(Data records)
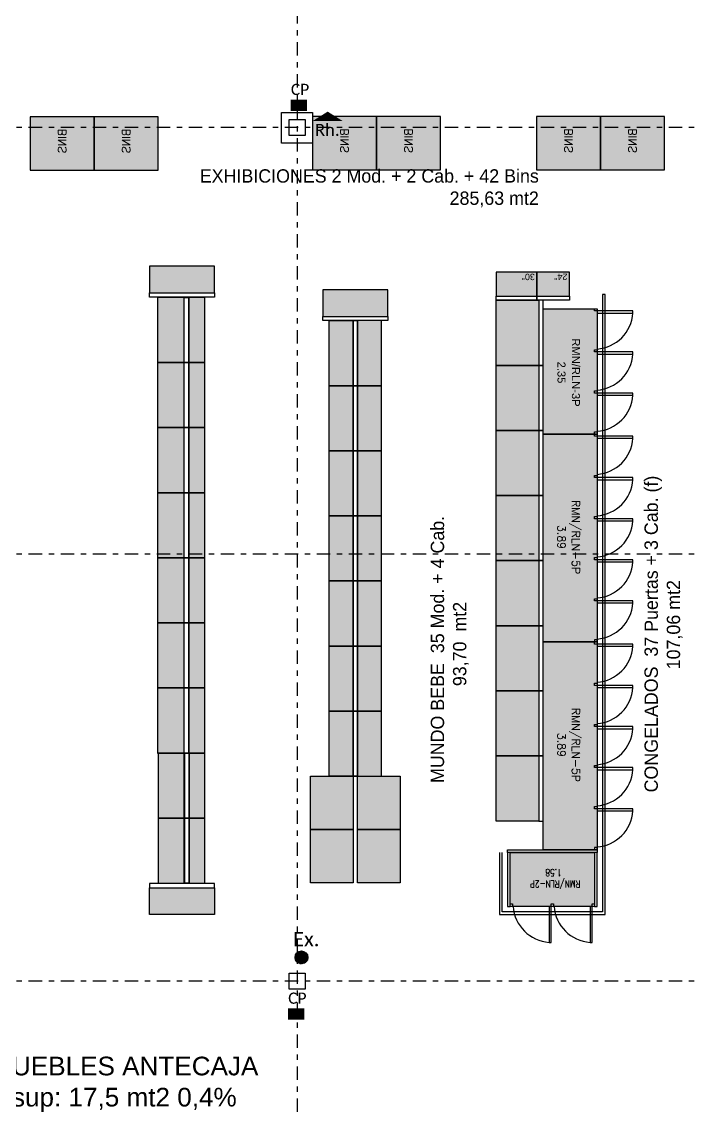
# Model space of a CAD drawing. Header units: millimetres. Extents: x 340 to 1003762, y 22 to 362022.
# Drawn here: x 406.99 to 419.52, y 47.89 to 68.33 of the extents above; entities that cross this region are included whole.
import ezdxf
from ezdxf.xclip import XClip

# ---------------------------------------------------------------- set-up
doc = ezdxf.new("R2010")
doc.units = ezdxf.units.MM
doc.header["$XCLIPFRAME"] = 0
doc.linetypes.add('LSBB_P_002 - PLANTA 1° NIVEL SALA DE VENTAS$0$DASHDOT2', pattern=[0.5, 0.25, -0.125, 0, -0.125])
doc.linetypes.add('LSBB_P_002 - PLANTA 1° NIVEL SALA DE VENTAS$0$LVIÑ-A-002_REV P_ SALA DE VENTAS  (14_02_14)$0$CONTINUOS', pattern=[0])
for name, color, linetype in [('LSBB_P_002 - PLANTA 1° NIVEL SALA DE VENTAS$0$A-GONDOLAS', 1, 'Continuous'), ('LSBB_P_002 - PLANTA 1° NIVEL SALA DE VENTAS$0$A-LAYOUT', 7, 'Continuous'), ('LSBB_P_002 - PLANTA 1° NIVEL SALA DE VENTAS$0$A-MUEBLES FRIO', 2, 'Continuous'), ('LSBB_P_002 - PLANTA 1° NIVEL SALA DE VENTAS$0$A-SALA DEFENSAS', 9, 'Continuous'), ('LSBB_P_002 - PLANTA 1° NIVEL SALA DE VENTAS$0$A-SALA-HATCH-BEBE', 41, 'Continuous'), ('LSBB_P_002 - PLANTA 1° NIVEL SALA DE VENTAS$0$A-SALA-HATCH-CONGELADOS', 170, 'Continuous'), ('LSBB_P_002 - PLANTA 1° NIVEL SALA DE VENTAS$0$A-SALA-MUEB-ESPC', 1, 'Continuous'), ('LSBB_P_002 - PLANTA 1° NIVEL SALA DE VENTAS$0$A-SALA-MUEB-FRIO', 8, 'Continuous'), ('LSBB_P_002 - PLANTA 1° NIVEL SALA DE VENTAS$0$A-TEXTO SV', 2, 'LSBB_P_002 - PLANTA 1° NIVEL SALA DE VENTAS$0$DASHDOT2'), ('LSBB_P_002 - PLANTA 1° NIVEL SALA DE VENTAS$0$A-Textos', 2, 'Continuous'), ('LSBB_P_002 - PLANTA 1° NIVEL SALA DE VENTAS$0$E-SF O CP', 7, 'Continuous'), ('LSBB_P_002 - PLANTA 1° NIVEL SALA DE VENTAS$0$EJES', 8, 'LSBB_P_002 - PLANTA 1° NIVEL SALA DE VENTAS$0$DASHDOT2'), ('LSBB_P_002 - PLANTA 1° NIVEL SALA DE VENTAS$0$ESTRUCTURA', 5, 'Continuous'), ('LSBB_P_002 - PLANTA 1° NIVEL SALA DE VENTAS$0$LAYOUT$0$A-GONDOLAS DELGADO', 8, 'Continuous'), ('LSBB_P_002 - PLANTA 1° NIVEL SALA DE VENTAS$0$LAYOUT$0$A-SALA-HATCH-CAMPAÑA', 252, 'Continuous'), ('LSBB_P_002 - PLANTA 1° NIVEL SALA DE VENTAS$0$N- EXTINTOR O RH', 1, 'Continuous'), ('LSBB_P_002 - PLANTA 1° NIVEL SALA DE VENTAS$0$PROTO_MUEBLES FRIO', 2, 'Continuous'), ('LSBB_P_002 - PLANTA 1° NIVEL SALA DE VENTAS$0$ZOCALOS-HORM', 8, 'Continuous'), ('XREF', 7, 'Continuous')]:
    doc.layers.add(name, color=color, linetype=linetype)
doc.layers.add('LSBB_P_002 - PLANTA 1° NIVEL SALA DE VENTAS$0$A-SALA-HATCH-VESTUARIO', color=7, linetype='Continuous', true_color=0x7a005c)
doc.layers.add('LSBB_P_002 - PLANTA 1° NIVEL SALA DE VENTAS$0$REF-LAYOUT N+0.00 E 03$0$A-TEXTOS', color=7, linetype='Continuous', lineweight=9)
doc.styles.add('LSBB_P_002 - PLANTA 1° NIVEL SALA DE VENTAS$0$ARQ', font='arial.ttf')
doc.styles.add('LSBB_P_002 - PLANTA 1° NIVEL SALA DE VENTAS$0$LAYOUT$0$ARQ', font='SIMPLEX.shx')
doc.styles.add('LSBB_P_002 - PLANTA 1° NIVEL SALA DE VENTAS$0$LAYOUT$0$REF-LAYOUT N+0.00 E 03$0$REF-LAYOUT N+0.00 E 02$0$Walmart_CENTURY GOTHIC', font='GOTHIC.TTF')
doc.styles.add('LSBB_P_002 - PLANTA 1° NIVEL SALA DE VENTAS$0$REF-LAYOUT N+0.00 E 03$0$REF-LAYOUT N+0.00 E 02$0$ARQ', font='SIMPLEX.shx')
doc.styles.add('LSBB_P_002 - PLANTA 1° NIVEL SALA DE VENTAS$0$REF-LAYOUT N+0.00 E 03$0$REF-LAYOUT N+0.00 E 02$0$estilo1', font='arial.ttf')
doc.styles.add('LSBB_P_002 - PLANTA 1° NIVEL SALA DE VENTAS$0$REF-LAYOUT N+0.00 E 03$0$REF-LAYOUT N+0.00 E 02$0$ROMANS', font='ROMANS.SHX', dxfattribs={"width": 0.8})
doc.styles.add('LSBB_P_002 - PLANTA 1° NIVEL SALA DE VENTAS$0$REF-LAYOUT N+0.00 E 03$0$REF-LAYOUT N+0.00 E 02$0$Walmart_CENTURY GOTHIC', font='GOTHIC.TTF')
doc.styles.add('LSBB_P_002 - PLANTA 1° NIVEL SALA DE VENTAS$0$STANDARD', font='txt')

# ---------------------------------------------------------------- blocks, each defined once
blk = doc.blocks.new('LSBB_P_002 - PLANTA 1° NIVEL SALA DE VENTAS$0$G. 122 X 50')
at = {"ltscale": 3}
h = blk.add_hatch(color=256, dxfattribs=at)
h.dxf.hatch_style = 1
h.paths.add_polyline_path([(6120.503, -1161.183), (6120.003, -1161.183), (6120.003, -1162.403), (6120.503, -1162.403)])
at = {"layer": 'LSBB_P_002 - PLANTA 1° NIVEL SALA DE VENTAS$0$A-GONDOLAS'}
for points in [[(6119.923, -1161.183), (6119.923, -1162.403), (6120.003, -1162.403), (6120.003, -1161.183)], [(6120.503, -1161.183), (6120.503, -1162.403), (6120.003, -1162.403), (6120.003, -1161.183)]]:
    blk.add_lwpolyline(points, close=True, dxfattribs=at)
blk = doc.blocks.new('LSBB_P_002 - PLANTA 1° NIVEL SALA DE VENTAS$0$G. 122 x 30')
at = {"linetype": 'LSBB_P_002 - PLANTA 1° NIVEL SALA DE VENTAS$0$LVIÑ-A-002_REV P_ SALA DE VENTAS  (14_02_14)$0$CONTINUOS'}
h = blk.add_hatch(color=256, dxfattribs=at)
h.dxf.hatch_style = 1
h.paths.add_polyline_path([(1362.274, -238.496), (1362.274, -238.796), (1363.494, -238.796), (1363.494, -238.496)])
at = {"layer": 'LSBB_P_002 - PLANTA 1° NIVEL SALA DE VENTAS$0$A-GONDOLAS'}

**Task details:** Please give the data above again in exact form and omit every picture.

**Written answer:**
# Model space of a CAD drawing. Header units: millimetres. Extents: x 340 to 1003762, y 22 to 362022.
# Drawn here: x 406.99 to 419.52, y 47.89 to 68.33 of the extents above; entities that cross this region are included whole.
import ezdxf
from ezdxf.xclip import XClip

# ---------------------------------------------------------------- set-up
doc = ezdxf.new("R2010")
doc.units = ezdxf.units.MM
doc.header["$XCLIPFRAME"] = 0
doc.linetypes.add('LSBB_P_002 - PLANTA 1° NIVEL SALA DE VENTAS$0$DASHDOT2', pattern=[0.5, 0.25, -0.125, 0, -0.125])
doc.linetypes.add('LSBB_P_002 - PLANTA 1° NIVEL SALA DE VENTAS$0$LVIÑ-A-002_REV P_ SALA DE VENTAS  (14_02_14)$0$CONTINUOS', pattern=[0])
for name, color, linetype in [('LSBB_P_002 - PLANTA 1° NIVEL SALA DE VENTAS$0$A-GONDOLAS', 1, 'Continuous'), ('LSBB_P_002 - PLANTA 1° NIVEL SALA DE VENTAS$0$A-LAYOUT', 7, 'Continuous'), ('LSBB_P_002 - PLANTA 1° NIVEL SALA DE VENTAS$0$A-MUEBLES FRIO', 2, 'Continuous'), ('LSBB_P_002 - PLANTA 1° NIVEL SALA DE VENTAS$0$A-SALA DEFENSAS', 9, 'Continuous'), ('LSBB_P_002 - PLANTA 1° NIVEL SALA DE VENTAS$0$A-SALA-HATCH-BEBE', 41, 'Continuous'), ('LSBB_P_002 - PLANTA 1° NIVEL SALA DE VENTAS$0$A-SALA-HATCH-CONGELADOS', 170, 'Continuous'), ('LSBB_P_002 - PLANTA 1° NIVEL SALA DE VENTAS$0$A-SALA-MUEB-ESPC', 1, 'Continuous'), ('LSBB_P_002 - PLANTA 1° NIVEL SALA DE VENTAS$0$A-SALA-MUEB-FRIO', 8, 'Continuous'), ('LSBB_P_002 - PLANTA 1° NIVEL SALA DE VENTAS$0$A-TEXTO SV', 2, 'LSBB_P_002 - PLANTA 1° NIVEL SALA DE VENTAS$0$DASHDOT2'), ('LSBB_P_002 - PLANTA 1° NIVEL SALA DE VENTAS$0$A-Textos', 2, 'Continuous'), ('LSBB_P_002 - PLANTA 1° NIVEL SALA DE VENTAS$0$E-SF O CP', 7, 'Continuous'), ('LSBB_P_002 - PLANTA 1° NIVEL SALA DE VENTAS$0$EJES', 8, 'LSBB_P_002 - PLANTA 1° NIVEL SALA DE VENTAS$0$DASHDOT2'), ('LSBB_P_002 - PLANTA 1° NIVEL SALA DE VENTAS$0$ESTRUCTURA', 5, 'Continuous'), ('LSBB_P_002 - PLANTA 1° NIVEL SALA DE VENTAS$0$LAYOUT$0$A-GONDOLAS DELGADO', 8, 'Continuous'), ('LSBB_P_002 - PLANTA 1° NIVEL SALA DE VENTAS$0$LAYOUT$0$A-SALA-HATCH-CAMPAÑA', 252, 'Continuous'), ('LSBB_P_002 - PLANTA 1° NIVEL SALA DE VENTAS$0$N- EXTINTOR O RH', 1, 'Continuous'), ('LSBB_P_002 - PLANTA 1° NIVEL SALA DE VENTAS$0$PROTO_MUEBLES FRIO', 2, 'Continuous'), ('LSBB_P_002 - PLANTA 1° NIVEL SALA DE VENTAS$0$ZOCALOS-HORM', 8, 'Continuous'), ('XREF', 7, 'Continuous')]:
    doc.layers.add(name, color=color, linetype=linetype)
doc.layers.add('LSBB_P_002 - PLANTA 1° NIVEL SALA DE VENTAS$0$A-SALA-HATCH-VESTUARIO', color=7, linetype='Continuous', true_color=0x7a005c)
doc.layers.add('LSBB_P_002 - PLANTA 1° NIVEL SALA DE VENTAS$0$REF-LAYOUT N+0.00 E 03$0$A-TEXTOS', color=7, linetype='Continuous', lineweight=9)
doc.styles.add('LSBB_P_002 - PLANTA 1° NIVEL SALA DE VENTAS$0$ARQ', font='arial.ttf')
doc.styles.add('LSBB_P_002 - PLANTA 1° NIVEL SALA DE VENTAS$0$LAYOUT$0$ARQ', font='SIMPLEX.shx')
doc.styles.add('LSBB_P_002 - PLANTA 1° NIVEL SALA DE VENTAS$0$LAYOUT$0$REF-LAYOUT N+0.00 E 03$0$REF-LAYOUT N+0.00 E 02$0$Walmart_CENTURY GOTHIC', font='GOTHIC.TTF')
doc.styles.add('LSBB_P_002 - PLANTA 1° NIVEL SALA DE VENTAS$0$REF-LAYOUT N+0.00 E 03$0$REF-LAYOUT N+0.00 E 02$0$ARQ', font='SIMPLEX.shx')
doc.styles.add('LSBB_P_002 - PLANTA 1° NIVEL SALA DE VENTAS$0$REF-LAYOUT N+0.00 E 03$0$REF-LAYOUT N+0.00 E 02$0$estilo1', font='arial.ttf')
doc.styles.add('LSBB_P_002 - PLANTA 1° NIVEL SALA DE VENTAS$0$REF-LAYOUT N+0.00 E 03$0$REF-LAYOUT N+0.00 E 02$0$ROMANS', font='ROMANS.SHX', dxfattribs={"width": 0.8})
doc.styles.add('LSBB_P_002 - PLANTA 1° NIVEL SALA DE VENTAS$0$REF-LAYOUT N+0.00 E 03$0$REF-LAYOUT N+0.00 E 02$0$Walmart_CENTURY GOTHIC', font='GOTHIC.TTF')
doc.styles.add('LSBB_P_002 - PLANTA 1° NIVEL SALA DE VENTAS$0$STANDARD', font='txt')

# ---------------------------------------------------------------- blocks, each defined once
blk = doc.blocks.new('LSBB_P_002 - PLANTA 1° NIVEL SALA DE VENTAS$0$G. 122 X 50')
at = {"ltscale": 3}
h = blk.add_hatch(color=256, dxfattribs=at)
h.dxf.hatch_style = 1
h.paths.add_polyline_path([(6120.503, -1161.183), (6120.003, -1161.183), (6120.003, -1162.403), (6120.503, -1162.403)])
at = {"layer": 'LSBB_P_002 - PLANTA 1° NIVEL SALA DE VENTAS$0$A-GONDOLAS'}
for points in [[(6119.923, -1161.183), (6119.923, -1162.403), (6120.003, -1162.403), (6120.003, -1161.183)], [(6120.503, -1161.183), (6120.503, -1162.403), (6120.003, -1162.403), (6120.003, -1161.183)]]:
    blk.add_lwpolyline(points, close=True, dxfattribs=at)
blk = doc.blocks.new('LSBB_P_002 - PLANTA 1° NIVEL SALA DE VENTAS$0$G. 122 x 30')
at = {"linetype": 'LSBB_P_002 - PLANTA 1° NIVEL SALA DE VENTAS$0$LVIÑ-A-002_REV P_ SALA DE VENTAS  (14_02_14)$0$CONTINUOS'}
h = blk.add_hatch(color=256, dxfattribs=at)
h.dxf.hatch_style = 1
h.paths.add_polyline_path([(1362.274, -238.496), (1362.274, -238.796), (1363.494, -238.796), (1363.494, -238.496)])
at = {"layer": 'LSBB_P_002 - PLANTA 1° NIVEL SALA DE VENTAS$0$A-GONDOLAS'}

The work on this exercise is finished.